Dataset content:
[Start of Attachment]

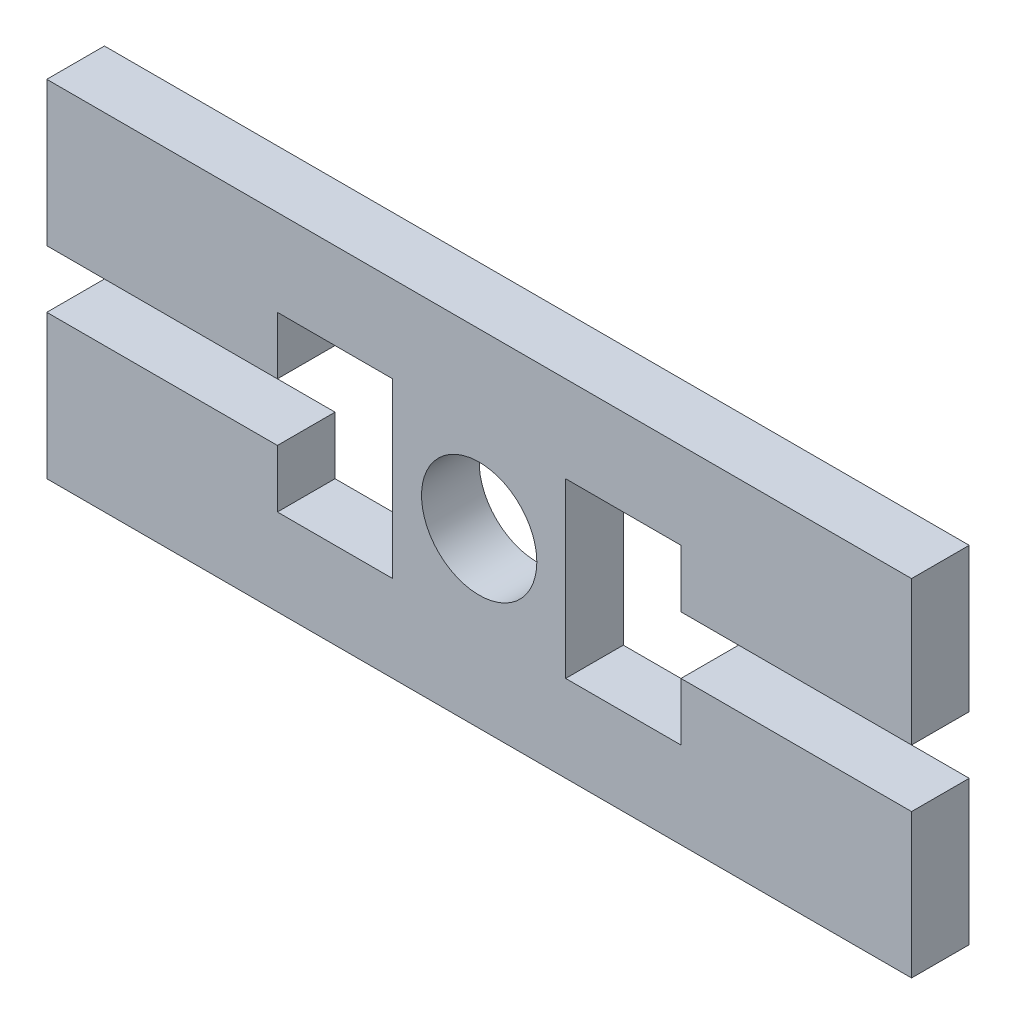
SolidWorks part; units mm, degrees
ref_plane "Front Plane" through (0, 0, 0) normal (0, 0, 1) x (1, 0, 0)
ref_plane "Top Plane" through (0, 0, 0) normal (0, 1, 0) x (1, 0, 0)
ref_plane "Right Plane" through (0, 0, 0) normal (1, 0, 0) x (0, 0, -1)
sketch "Sketch1" plane through (0, 0, 0) normal (0, 0, 1) x (1, 0, 0)
  line L0 (-44.45, 0) -> (-44.45, -6.35) construction
  line L1 (-95.25, 38.1) -> (95.25, 38.1)
  line L2 (-95.25, 38.1) -> (-95.25, 6.35)
  line L3 (-95.25, -38.1) -> (95.25, -38.1)
  line L4 (95.25, 38.1) -> (95.25, 6.35)
  line L5 (-95.25, 38.1) -> (95.25, -38.1) construction
  line L6 (-95.25, -38.1) -> (95.25, 38.1) construction
  line L7 (-19.05, 0) -> (0, 0) construction
  line L8 (-19.05, 0) -> (-19.05, 11.5629) construction
  line L9 (-19.05, 11.5629) -> (-19.05, 19.05) construction
  line L10 (-19.05, 19.05) -> (-44.45, 19.05) construction
  line L11 (-44.45, 19.05) -> (-44.45, 6.35) construction
  line L12 (-44.45, 6.35) -> (-44.45, 0) construction
  line L13 (-44.45, 6.35) -> (-95.25, 6.35) construction
  line L14 (0, 38.1) -> (0, 0) construction
  line L15 (0, 0) -> (0, -38.1) construction
  line L16 (-95.25, 6.35) -> (-44.45, 6.35)
  line L17 (-44.45, 6.35) -> (-44.45, 19.05)
  line L18 (-44.45, 19.05) -> (-19.05, 19.05)
  line L19 (-19.05, 19.05) -> (-19.05, -19.05)
  line L20 (19.05, 19.05) -> (19.05, -19.05)
  line L21 (44.45, 19.05) -> (19.05, 19.05)
  line L22 (44.45, 6.35) -> (44.45, 19.05)
  line L23 (95.25, 6.35) -> (44.45, 6.35)
  line L24 (95.25, -6.35) -> (44.45, -6.35)
  line L25 (44.45, -6.35) -> (44.45, -19.05)
  line L26 (44.45, -19.05) -> (19.05, -19.05)
  line L27 (-44.45, -19.05) -> (-19.05, -19.05)
  line L28 (-44.45, -6.35) -> (-44.45, -19.05)
  line L29 (-95.25, -6.35) -> (-44.45, -6.35)
  line L30 (-19.05, 0) -> (-44.45, 0) construction
  line L31 (0, 0) -> (19.05, 0) construction
  line L32 (-95.25, -6.35) -> (-95.25, -38.1)
  line L33 (95.25, -6.35) -> (95.25, -38.1)
  circle A0 centre (0, 0) radius 12.7
  point P0 (0, 0)
  point P28 (19.05, 0)
  dimension "D5" = 25.4
  dimension "D1" = 6.35
  dimension "D2" = 12.7
  dimension "D3" = 25.4
  dimension "D4" = 50.8
  dimension "D6" = 19.05
  dimension "D7" = 76.2
extrude "Boss-Extrude1" add sketch "Sketch1" along normal blind 12.7
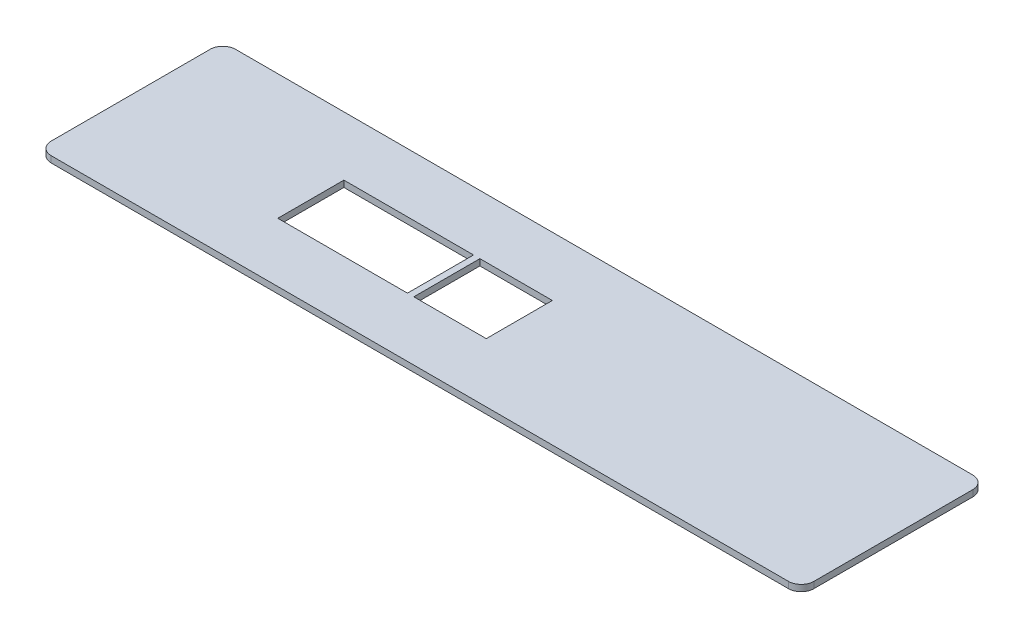
SolidWorks part; units mm, degrees
ref_plane "Front Plane" through (0, 0, 0) normal (0, 0, 1) x (1, 0, 0)
ref_plane "Top Plane" through (0, 0, 0) normal (0, 1, 0) x (1, 0, 0)
ref_plane "Right Plane" through (0, 0, 0) normal (1, 0, 0) x (0, 0, -1)
sketch "Sketch1" plane through (0, 0, 0) normal (0, 1, 0) x (1, 0, 0)
  line L1 (0, 14.5) -> (120, 14.5)
  line L2 (0, 14.5) -> (0, -14.5)
  line L3 (0, -14.5) -> (120, -14.5)
  line L4 (120, 14.5) -> (120, -14.5)
  line L5 (28.75, 5) -> (48.75, 5)
  line L6 (28.75, 5) -> (28.75, -5)
  line L7 (28.75, -5) -> (48.75, -5)
  line L8 (48.75, 5) -> (48.75, -5)
  line L9 (49.75, 5) -> (60.75, 5)
  line L10 (49.75, 5) -> (49.75, -5)
  line L11 (49.75, -5) -> (60.75, -5)
  line L12 (60.75, 5) -> (60.75, -5)
  point P4 (0, 0)
  point P10 (28.75, 0)
  point P15 (49.75, 0)
  dimension "D1" = 29
  dimension "D2" = 120
  dimension "D3" = 28.75
  dimension "D4" = 20
  dimension "D5" = 10
  dimension "D6" = 11
  dimension "D7" = 10
  dimension "D8" = 1
sketch "Sketch2" plane through (0, 0, 0) normal (0, 1, 0) x (1, 0, 0)
  line L0 (0, 12.5) -> (0, -12.5)
  line L1 (2, -14.5) -> (118, -14.5)
  line L2 (120, -12.5) -> (120, 12.5)
  line L3 (118, 14.5) -> (2, 14.5)
  line L4 (48.75, 5) -> (48.75, -5) construction
  line L5 (28.35, 5.2) -> (48.75, 5.2)
  line L6 (28.35, 5.2) -> (28.35, -5.2)
  line L7 (28.35, -5.2) -> (48.75, -5.2)
  line L8 (48.75, 5.2) -> (48.75, -5.2)
  line L9 (28.75, 5) -> (28.75, -5) construction
  line L10 (28.75, 5) -> (48.75, 5) construction
  line L11 (28.75, -5) -> (48.75, -5) construction
  line L12 (49.75, 5) -> (49.75, -5) construction
  line L13 (49.75, 5.2) -> (61.15, 5.2)
  line L14 (49.75, 5.2) -> (49.75, -5.2)
  line L15 (49.75, -5.2) -> (61.15, -5.2)
  line L16 (61.15, 5.2) -> (61.15, -5.2)
  line L17 (49.75, 5) -> (60.75, 5) construction
  line L18 (49.75, -5) -> (60.75, -5) construction
  line L19 (60.75, 5) -> (60.75, -5) construction
  arc A0 (118, 14.5) -> (120, 12.5) centre (118, 12.5) cw
  arc A1 (120, -12.5) -> (118, -14.5) centre (118, -12.5) cw
  arc A2 (2, -14.5) -> (0, -12.5) centre (2, -12.5) cw
  arc A3 (2, 14.5) -> (0, 12.5) centre (2, 12.5) ccw
  point P10 (120, 14.5)
  point P13 (120, -14.5)
  point P16 (0, -14.5)
  point P19 (0, 14.5)
  dimension "D1" = 2
  dimension "D2" = 0.4
  dimension "D3" = 0.2
  dimension "D4" = 0.2
  dimension "D5" = 0.2
  dimension "D6" = 0.2
  dimension "D7" = 0.4
extrude "Boss-Extrude1" add sketch "Sketch2" along normal blind 1

[End of Attachment]

The string "point" marks the lines to return from the material. Copy each one.

Exercise result:
  point P0 (0, 0)
  point P28 (19.05, 0)
  point P4 (0, 0)
  point P10 (28.75, 0)
  point P15 (49.75, 0)
  point P10 (120, 14.5)
  point P13 (120, -14.5)
  point P16 (0, -14.5)
  point P19 (0, 14.5)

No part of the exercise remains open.